> [Records supplied]
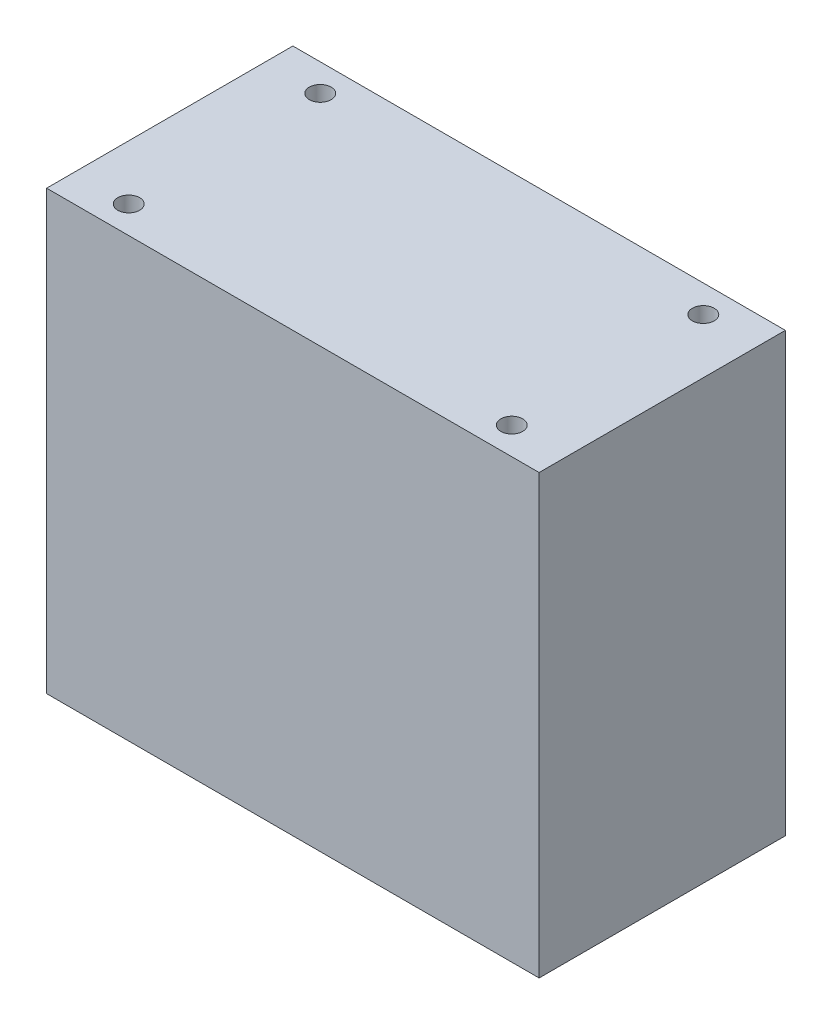
SolidWorks part; units mm, degrees
material "2.0060 (Cu-ETP)"
ref_plane "前视基准面" through (0, 0, 0) normal (0, 0, 1) x (1, 0, 0)
ref_plane "上视基准面" through (0, 0, 0) normal (0, 1, 0) x (1, 0, 0)
ref_plane "右视基准面" through (0, 0, 0) normal (1, 0, 0) x (0, 0, -1)
sketch "草图1" plane through (0, 0, 0) normal (0, 1, 0) x (1, 0, 0)
  line L1 (-45, 22.5) -> (45, 22.5)
  line L2 (-45, 22.5) -> (-45, -22.5)
  line L3 (-45, -22.5) -> (45, -22.5)
  line L4 (45, 22.5) -> (45, -22.5)
  line L5 (-45, 22.5) -> (45, -22.5) construction
  line L6 (-45, -22.5) -> (45, 22.5) construction
  line L7 (-35, 17.5) -> (35, 17.5)
  line L8 (-35, 17.5) -> (-35, -17.5)
  line L9 (-35, -17.5) -> (35, -17.5)
  line L10 (35, 17.5) -> (35, -17.5)
  line L11 (-35, 17.5) -> (35, -17.5) construction
  line L12 (-35, -17.5) -> (35, 17.5) construction
  circle A0 centre (-35, 17.5) radius 2
  circle A1 centre (-35, -17.5) radius 2
  circle A2 centre (35, -17.5) radius 2
  circle A3 centre (35, 17.5) radius 2
  point P0 (0, 0)
  point P5 (0, 0)
  dimension "D1" = 90
  dimension "D2" = 45
  dimension "D3" = 70
  dimension "D4" = 35
extrude "凸台-拉伸1" add sketch "草图1" along normal blind 80 contours L4 L1 L2 L3 A3 L10 A2 L9 A1 L8 A0 L7 | A3 L7 A0 L8 A1 L9 A2 L10

> [Aim of the exercise] An exact copy of the listing is required, with every image removed.

> [Expected answer]
SolidWorks part; units mm, degrees
material "2.0060 (Cu-ETP)"
ref_plane "前视基准面" through (0, 0, 0) normal (0, 0, 1) x (1, 0, 0)
ref_plane "上视基准面" through (0, 0, 0) normal (0, 1, 0) x (1, 0, 0)
ref_plane "右视基准面" through (0, 0, 0) normal (1, 0, 0) x (0, 0, -1)
sketch "草图1" plane through (0, 0, 0) normal (0, 1, 0) x (1, 0, 0)
  line L1 (-45, 22.5) -> (45, 22.5)
  line L2 (-45, 22.5) -> (-45, -22.5)
  line L3 (-45, -22.5) -> (45, -22.5)
  line L4 (45, 22.5) -> (45, -22.5)
  line L5 (-45, 22.5) -> (45, -22.5) construction
  line L6 (-45, -22.5) -> (45, 22.5) construction
  line L7 (-35, 17.5) -> (35, 17.5)
  line L8 (-35, 17.5) -> (-35, -17.5)
  line L9 (-35, -17.5) -> (35, -17.5)
  line L10 (35, 17.5) -> (35, -17.5)
  line L11 (-35, 17.5) -> (35, -17.5) construction
  line L12 (-35, -17.5) -> (35, 17.5) construction
  circle A0 centre (-35, 17.5) radius 2
  circle A1 centre (-35, -17.5) radius 2
  circle A2 centre (35, -17.5) radius 2
  circle A3 centre (35, 17.5) radius 2
  point P0 (0, 0)
  point P5 (0, 0)
  dimension "D1" = 90
  dimension "D2" = 45
  dimension "D3" = 70
  dimension "D4" = 35
extrude "凸台-拉伸1" add sketch "草图1" along normal blind 80 contours L4 L1 L2 L3 A3 L10 A2 L9 A1 L8 A0 L7 | A3 L7 A0 L8 A1 L9 A2 L10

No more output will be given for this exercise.